The survey was done among children in 23 divergent schools in all provinces and experts confirm the results line up with what they see every day in practice.

“Children are experimenting at an ever younger age and this applies across race boundaries and differences in background and education,” Pretoria child psychologist Truida Botha says.

The best way to prevent your kids becoming part of the statistics is to win their trust from an early age so they will talk openly to you when these temptations come, Cape Town psychologist Frederick van Wyk says.

Botha and Van Wyk explain how parents can broach difficult subjects with their young kids.

SEX
The survey found 12,6 per cent of teenagers had had sex before the age of 14 and more than 40 per cent of them had had more than one sex partner.

Sex education should start very early. “Children as young as three should know their bodies are special and that no one should be allowed to touch their private parts,” Van Wyk says.

SMOKING
Parents who don’t smoke have an advantage over those who do, Van Wyk says. “The example you set speaks louder than words.”

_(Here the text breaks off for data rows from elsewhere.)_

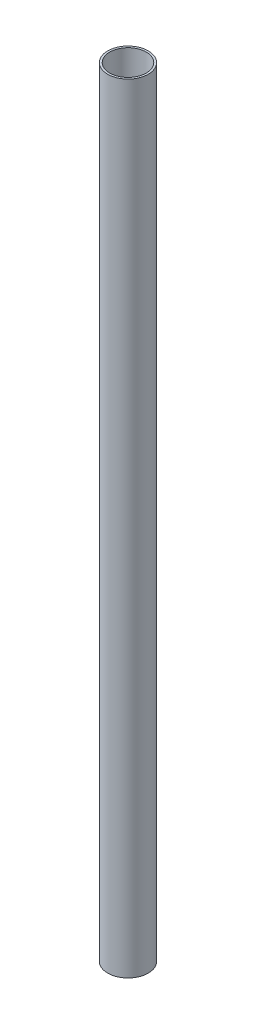
ISO-10303-21;
HEADER;
FILE_DESCRIPTION(('STEP AP214'),'2;1');
FILE_NAME('part.step','',(''),(''),'','','');
FILE_SCHEMA(('AUTOMOTIVE_DESIGN { 1 0 10303 214 1 1 1 1 }'));
ENDSEC;
DATA;
#1=APPLICATION_CONTEXT('core data for automotive mechanical design processes');
#2=APPLICATION_PROTOCOL_DEFINITION('international standard','automotive_design',2000,#1);
#3=PRODUCT_CONTEXT('',#1,'mechanical');
#4=PRODUCT('Part','Part','',(#3));
#5=PRODUCT_RELATED_PRODUCT_CATEGORY('part','',(#4));
#6=PRODUCT_DEFINITION_FORMATION('','',#4);
#7=PRODUCT_DEFINITION_CONTEXT('part definition',#1,'design');
#8=PRODUCT_DEFINITION('design','',#6,#7);
#9=PRODUCT_DEFINITION_SHAPE('','',#8);
#10=(LENGTH_UNIT() NAMED_UNIT(*) SI_UNIT(.MILLI.,.METRE.));
#11=(NAMED_UNIT(*) PLANE_ANGLE_UNIT() SI_UNIT($,.RADIAN.));
#12=(NAMED_UNIT(*) SI_UNIT($,.STERADIAN.) SOLID_ANGLE_UNIT());
#13=UNCERTAINTY_MEASURE_WITH_UNIT(LENGTH_MEASURE(1.E-05),#10,'distance_accuracy_value','');
#14=(GEOMETRIC_REPRESENTATION_CONTEXT(3) GLOBAL_UNCERTAINTY_ASSIGNED_CONTEXT((#13)) GLOBAL_UNIT_ASSIGNED_CONTEXT((#10,
#11,#12)) REPRESENTATION_CONTEXT('',''));
#15=CARTESIAN_POINT('',(0.,0.,0.));
#16=DIRECTION('',(0.,0.,1.));
#17=DIRECTION('',(1.,0.,0.));
#18=AXIS2_PLACEMENT_3D('',#15,#16,#17);
#19=CARTESIAN_POINT('',(0.,304.8,0.));
#20=DIRECTION('',(0.,1.,0.));
#21=DIRECTION('',(0.,0.,1.));
#22=AXIS2_PLACEMENT_3D('',#19,#20,#21);
#23=PLANE('',#22);
#24=CARTESIAN_POINT('',(0.,304.8,0.));
#25=DIRECTION('',(0.,1.,0.));
#26=DIRECTION('',(0.,0.,1.));
#27=AXIS2_PLACEMENT_3D('',#24,#25,#26);
#28=CIRCLE('',#27,15.875);
#29=CARTESIAN_POINT('',(0.,304.8,15.875));
#30=VERTEX_POINT('',#29);
#31=EDGE_CURVE('E10',#30,#30,#28,.T.);
#32=ORIENTED_EDGE('',*,*,#31,.T.);
#33=EDGE_LOOP('',(#32));
#34=FACE_BOUND('',#33,.T.);
#35=CARTESIAN_POINT('',(0.,304.8,0.));
#36=DIRECTION('',(0.,1.,0.));
#37=DIRECTION('',(0.,0.,1.));
#38=AXIS2_PLACEMENT_3D('',#35,#36,#37);
#39=CIRCLE('',#38,14.2875);
#40=CARTESIAN_POINT('',(0.,304.8,14.2875));
#41=VERTEX_POINT('',#40);
#42=EDGE_CURVE('E43',#41,#41,#39,.T.);
#43=ORIENTED_EDGE('',*,*,#42,.F.);
#44=EDGE_LOOP('',(#43));
#45=FACE_BOUND('',#44,.T.);
#46=ADVANCED_FACE('F32',(#34,#45),#23,.T.);
#47=CARTESIAN_POINT('',(0.,-304.8,0.));
#48=DIRECTION('',(0.,1.,0.));
#49=DIRECTION('',(0.,0.,1.));
#50=AXIS2_PLACEMENT_3D('',#47,#48,#49);
#51=PLANE('',#50);
#52=CARTESIAN_POINT('',(0.,-304.8,0.));
#53=DIRECTION('',(0.,1.,0.));
#54=DIRECTION('',(0.,0.,1.));
#55=AXIS2_PLACEMENT_3D('',#52,#53,#54);
#56=CIRCLE('',#55,15.875);
#57=CARTESIAN_POINT('',(0.,-304.8,15.875));
#58=VERTEX_POINT('',#57);
#59=EDGE_CURVE('E36',#58,#58,#56,.T.);
#60=ORIENTED_EDGE('',*,*,#59,.F.);
#61=EDGE_LOOP('',(#60));
#62=FACE_BOUND('',#61,.T.);
#63=CARTESIAN_POINT('',(0.,-304.8,0.));
#64=DIRECTION('',(0.,1.,0.));
#65=DIRECTION('',(0.,0.,1.));
#66=AXIS2_PLACEMENT_3D('',#63,#64,#65);
#67=CIRCLE('',#66,14.2875);
#68=CARTESIAN_POINT('',(0.,-304.8,14.2875));
#69=VERTEX_POINT('',#68);
#70=EDGE_CURVE('E45',#69,#69,#67,.T.);
#71=ORIENTED_EDGE('',*,*,#70,.T.);
#72=EDGE_LOOP('',(#71));
#73=FACE_BOUND('',#72,.T.);
#74=ADVANCED_FACE('F55',(#62,#73),#51,.F.);
#75=CARTESIAN_POINT('',(0.,304.8,0.));
#76=DIRECTION('',(0.,-1.,0.));
#77=DIRECTION('',(0.,0.,-1.));
#78=AXIS2_PLACEMENT_3D('',#75,#76,#77);
#79=CYLINDRICAL_SURFACE('',#78,15.875);
#80=ORIENTED_EDGE('',*,*,#31,.F.);
#81=EDGE_LOOP('',(#80));
#82=FACE_BOUND('',#81,.T.);
#83=ORIENTED_EDGE('',*,*,#59,.T.);
#84=EDGE_LOOP('',(#83));
#85=FACE_BOUND('',#84,.T.);
#86=ADVANCED_FACE('F34',(#82,#85),#79,.T.);
#87=CARTESIAN_POINT('',(0.,304.8,0.));
#88=DIRECTION('',(0.,-1.,0.));
#89=DIRECTION('',(0.,0.,-1.));
#90=AXIS2_PLACEMENT_3D('',#87,#88,#89);
#91=CYLINDRICAL_SURFACE('',#90,14.2875);
#92=ORIENTED_EDGE('',*,*,#42,.T.);
#93=EDGE_LOOP('',(#92));
#94=FACE_BOUND('',#93,.T.);
#95=ORIENTED_EDGE('',*,*,#70,.F.);
#96=EDGE_LOOP('',(#95));
#97=FACE_BOUND('',#96,.T.);
#98=ADVANCED_FACE('F51',(#94,#97),#91,.F.);
#99=CLOSED_SHELL('',(#46,#74,#86,#98));
#100=MANIFOLD_SOLID_BREP('B2',#99);
#101=ADVANCED_BREP_SHAPE_REPRESENTATION('',(#18,#100),#14);
#102=SHAPE_DEFINITION_REPRESENTATION(#9,#101);
ENDSEC;
END-ISO-10303-21;
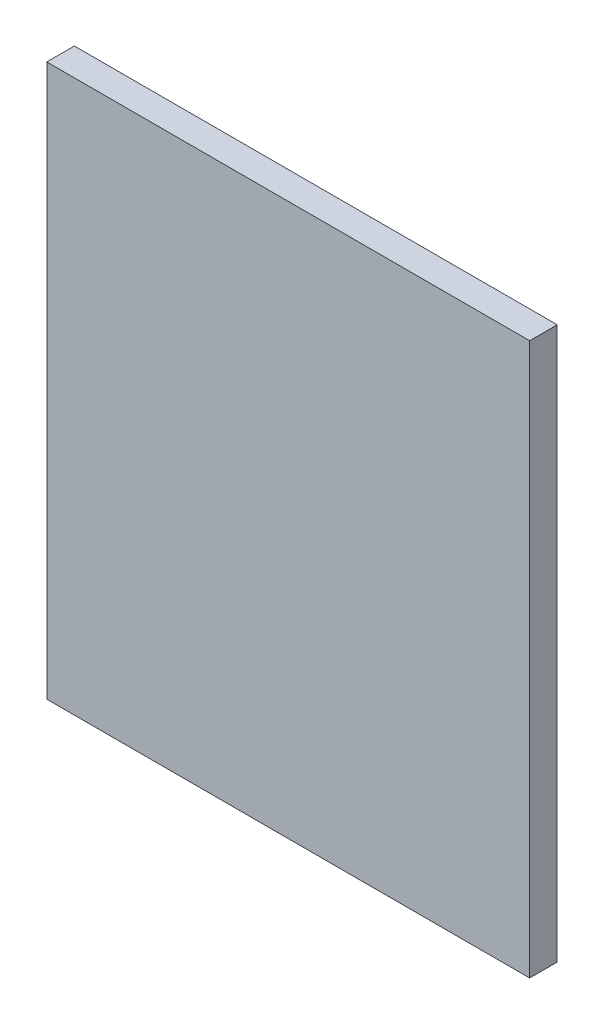
ISO-10303-21;
HEADER;
FILE_DESCRIPTION(('STEP AP214'),'2;1');
FILE_NAME('part.step','',(''),(''),'','','');
FILE_SCHEMA(('AUTOMOTIVE_DESIGN { 1 0 10303 214 1 1 1 1 }'));
ENDSEC;
DATA;
#1=APPLICATION_CONTEXT('core data for automotive mechanical design processes');
#2=APPLICATION_PROTOCOL_DEFINITION('international standard','automotive_design',2000,#1);
#3=PRODUCT_CONTEXT('',#1,'mechanical');
#4=PRODUCT('Part','Part','',(#3));
#5=PRODUCT_RELATED_PRODUCT_CATEGORY('part','',(#4));
#6=PRODUCT_DEFINITION_FORMATION('','',#4);
#7=PRODUCT_DEFINITION_CONTEXT('part definition',#1,'design');
#8=PRODUCT_DEFINITION('design','',#6,#7);
#9=PRODUCT_DEFINITION_SHAPE('','',#8);
#10=(LENGTH_UNIT() NAMED_UNIT(*) SI_UNIT(.MILLI.,.METRE.));
#11=(NAMED_UNIT(*) PLANE_ANGLE_UNIT() SI_UNIT($,.RADIAN.));
#12=(NAMED_UNIT(*) SI_UNIT($,.STERADIAN.) SOLID_ANGLE_UNIT());
#13=UNCERTAINTY_MEASURE_WITH_UNIT(LENGTH_MEASURE(1.E-05),#10,'distance_accuracy_value','');
#14=(GEOMETRIC_REPRESENTATION_CONTEXT(3) GLOBAL_UNCERTAINTY_ASSIGNED_CONTEXT((#13)) GLOBAL_UNIT_ASSIGNED_CONTEXT((#10,
#11,#12)) REPRESENTATION_CONTEXT('',''));
#15=CARTESIAN_POINT('',(0.,0.,0.));
#16=DIRECTION('',(0.,0.,1.));
#17=DIRECTION('',(1.,0.,0.));
#18=AXIS2_PLACEMENT_3D('',#15,#16,#17);
#19=CARTESIAN_POINT('',(175.000000000001,-200.,20.));
#20=DIRECTION('',(-1.,0.,0.));
#21=DIRECTION('',(0.,0.,1.));
#22=AXIS2_PLACEMENT_3D('',#19,#20,#21);
#23=PLANE('',#22);
#24=DIRECTION('',(0.,1.,0.));
#25=VECTOR('',#24,1.);
#26=CARTESIAN_POINT('',(175.000000000001,-200.,0.));
#27=LINE('',#26,#25);
#28=CARTESIAN_POINT('',(175.000000000001,-200.,0.));
#29=VERTEX_POINT('',#28);
#30=CARTESIAN_POINT('',(175.000000000001,200.,0.));
#31=VERTEX_POINT('',#30);
#32=EDGE_CURVE('E96',#29,#31,#27,.T.);
#33=ORIENTED_EDGE('',*,*,#32,.T.);
#34=DIRECTION('',(0.,0.,-1.));
#35=VECTOR('',#34,1.);
#36=CARTESIAN_POINT('',(175.000000000001,200.,20.));
#37=LINE('',#36,#35);
#38=CARTESIAN_POINT('',(175.000000000001,200.,20.));
#39=VERTEX_POINT('',#38);
#40=EDGE_CURVE('E11',#39,#31,#37,.T.);
#41=ORIENTED_EDGE('',*,*,#40,.F.);
#42=DIRECTION('',(0.,1.,0.));
#43=VECTOR('',#42,1.);
#44=CARTESIAN_POINT('',(175.000000000001,-200.,20.));
#45=LINE('',#44,#43);
#46=CARTESIAN_POINT('',(175.000000000001,-200.,20.));
#47=VERTEX_POINT('',#46);
#48=EDGE_CURVE('E84',#47,#39,#45,.T.);
#49=ORIENTED_EDGE('',*,*,#48,.F.);
#50=DIRECTION('',(0.,0.,-1.));
#51=VECTOR('',#50,1.);
#52=CARTESIAN_POINT('',(175.000000000001,-200.,20.));
#53=LINE('',#52,#51);
#54=EDGE_CURVE('E92',#47,#29,#53,.T.);
#55=ORIENTED_EDGE('',*,*,#54,.T.);
#56=EDGE_LOOP('',(#33,#41,#49,#55));
#57=FACE_BOUND('',#56,.T.);
#58=ADVANCED_FACE('F33',(#57),#23,.F.);
#59=CARTESIAN_POINT('',(-174.999999999999,200.,20.));
#60=DIRECTION('',(0.,-1.,0.));
#61=DIRECTION('',(0.,0.,-1.));
#62=AXIS2_PLACEMENT_3D('',#59,#60,#61);
#63=PLANE('',#62);
#64=DIRECTION('',(-1.,0.,0.));
#65=VECTOR('',#64,1.);
#66=CARTESIAN_POINT('',(-174.999999999999,200.,0.));
#67=LINE('',#66,#65);
#68=CARTESIAN_POINT('',(-174.999999999999,200.,0.));
#69=VERTEX_POINT('',#68);
#70=EDGE_CURVE('E88',#31,#69,#67,.T.);
#71=ORIENTED_EDGE('',*,*,#70,.T.);
#72=DIRECTION('',(0.,0.,-1.));
#73=VECTOR('',#72,1.);
#74=CARTESIAN_POINT('',(-174.999999999999,200.,20.));
#75=LINE('',#74,#73);
#76=CARTESIAN_POINT('',(-174.999999999999,200.,20.));
#77=VERTEX_POINT('',#76);
#78=EDGE_CURVE('E41',#77,#69,#75,.T.);
#79=ORIENTED_EDGE('',*,*,#78,.F.);
#80=DIRECTION('',(-1.,0.,0.));
#81=VECTOR('',#80,1.);
#82=CARTESIAN_POINT('',(-174.999999999999,200.,20.));
#83=LINE('',#82,#81);
#84=EDGE_CURVE('E79',#39,#77,#83,.T.);
#85=ORIENTED_EDGE('',*,*,#84,.F.);
#86=ORIENTED_EDGE('',*,*,#40,.T.);
#87=EDGE_LOOP('',(#71,#79,#85,#86));
#88=FACE_BOUND('',#87,.T.);
#89=ADVANCED_FACE('F87',(#88),#63,.F.);
#90=CARTESIAN_POINT('',(-174.999999999999,-200.,20.));
#91=DIRECTION('',(1.,0.,0.));
#92=DIRECTION('',(0.,0.,-1.));
#93=AXIS2_PLACEMENT_3D('',#90,#91,#92);
#94=PLANE('',#93);
#95=DIRECTION('',(0.,-1.,0.));
#96=VECTOR('',#95,1.);
#97=CARTESIAN_POINT('',(-174.999999999999,-200.,0.));
#98=LINE('',#97,#96);
#99=CARTESIAN_POINT('',(-174.999999999999,-200.,0.));
#100=VERTEX_POINT('',#99);
#101=EDGE_CURVE('E66',#69,#100,#98,.T.);
#102=ORIENTED_EDGE('',*,*,#101,.T.);
#103=DIRECTION('',(0.,0.,-1.));
#104=VECTOR('',#103,1.);
#105=CARTESIAN_POINT('',(-174.999999999999,-200.,20.));
#106=LINE('',#105,#104);
#107=CARTESIAN_POINT('',(-174.999999999999,-200.,20.));
#108=VERTEX_POINT('',#107);
#109=EDGE_CURVE('E89',#108,#100,#106,.T.);
#110=ORIENTED_EDGE('',*,*,#109,.F.);
#111=DIRECTION('',(0.,-1.,0.));
#112=VECTOR('',#111,1.);
#113=CARTESIAN_POINT('',(-174.999999999999,-200.,20.));
#114=LINE('',#113,#112);
#115=EDGE_CURVE('E82',#77,#108,#114,.T.);
#116=ORIENTED_EDGE('',*,*,#115,.F.);
#117=ORIENTED_EDGE('',*,*,#78,.T.);
#118=EDGE_LOOP('',(#102,#110,#116,#117));
#119=FACE_BOUND('',#118,.T.);
#120=ADVANCED_FACE('F90',(#119),#94,.F.);
#121=CARTESIAN_POINT('',(-174.999999999999,-200.,20.));
#122=DIRECTION('',(0.,1.,0.));
#123=DIRECTION('',(0.,0.,1.));
#124=AXIS2_PLACEMENT_3D('',#121,#122,#123);
#125=PLANE('',#124);
#126=DIRECTION('',(1.,0.,0.));
#127=VECTOR('',#126,1.);
#128=CARTESIAN_POINT('',(-174.999999999999,-200.,0.));
#129=LINE('',#128,#127);
#130=EDGE_CURVE('E72',#100,#29,#129,.T.);
#131=ORIENTED_EDGE('',*,*,#130,.T.);
#132=ORIENTED_EDGE('',*,*,#54,.F.);
#133=DIRECTION('',(1.,0.,0.));
#134=VECTOR('',#133,1.);
#135=CARTESIAN_POINT('',(-174.999999999999,-200.,20.));
#136=LINE('',#135,#134);
#137=EDGE_CURVE('E49',#108,#47,#136,.T.);
#138=ORIENTED_EDGE('',*,*,#137,.F.);
#139=ORIENTED_EDGE('',*,*,#109,.T.);
#140=EDGE_LOOP('',(#131,#132,#138,#139));
#141=FACE_BOUND('',#140,.T.);
#142=ADVANCED_FACE('F103',(#141),#125,.F.);
#143=CARTESIAN_POINT('',(0.,0.,20.));
#144=DIRECTION('',(0.,0.,-1.));
#145=DIRECTION('',(-1.,0.,0.));
#146=AXIS2_PLACEMENT_3D('',#143,#144,#145);
#147=PLANE('',#146);
#148=ORIENTED_EDGE('',*,*,#48,.T.);
#149=ORIENTED_EDGE('',*,*,#84,.T.);
#150=ORIENTED_EDGE('',*,*,#115,.T.);
#151=ORIENTED_EDGE('',*,*,#137,.T.);
#152=EDGE_LOOP('',(#148,#149,#150,#151));
#153=FACE_BOUND('',#152,.T.);
#154=ADVANCED_FACE('F80',(#153),#147,.F.);
#155=CARTESIAN_POINT('',(0.,0.,0.));
#156=DIRECTION('',(0.,0.,-1.));
#157=DIRECTION('',(-1.,0.,0.));
#158=AXIS2_PLACEMENT_3D('',#155,#156,#157);
#159=PLANE('',#158);
#160=ORIENTED_EDGE('',*,*,#32,.F.);
#161=ORIENTED_EDGE('',*,*,#130,.F.);
#162=ORIENTED_EDGE('',*,*,#101,.F.);
#163=ORIENTED_EDGE('',*,*,#70,.F.);
#164=EDGE_LOOP('',(#160,#161,#162,#163));
#165=FACE_BOUND('',#164,.T.);
#166=ADVANCED_FACE('F106',(#165),#159,.T.);
#167=CLOSED_SHELL('',(#58,#89,#120,#142,#154,#166));
#168=MANIFOLD_SOLID_BREP('B2',#167);
#169=ADVANCED_BREP_SHAPE_REPRESENTATION('',(#18,#168),#14);
#170=SHAPE_DEFINITION_REPRESENTATION(#9,#169);
ENDSEC;
END-ISO-10303-21;

The survey found nearly seven per cent of the children had smoked for the first time before the age of 10. That’s why kids should understand the danger of smoking before going to primary school, Van Wyk says.

ALCOHOL
Nearly 50 per cent of those surveyed had drunk alcohol and 28,5 per cent had drunk to excess in the month they were questioned. “Children can be taught the dangers of drinking alcohol as early as the age of four,” Botha says.

DRUGS
Use the word “drugs” from an early age, Van Wyk says. “Children know big words. You can talk about types of drugs and medicines when they’re nine or 10 but by that age they should already have heard you talk about them. If they don’t hear about drugs from you they’ll hear about them from their friends.”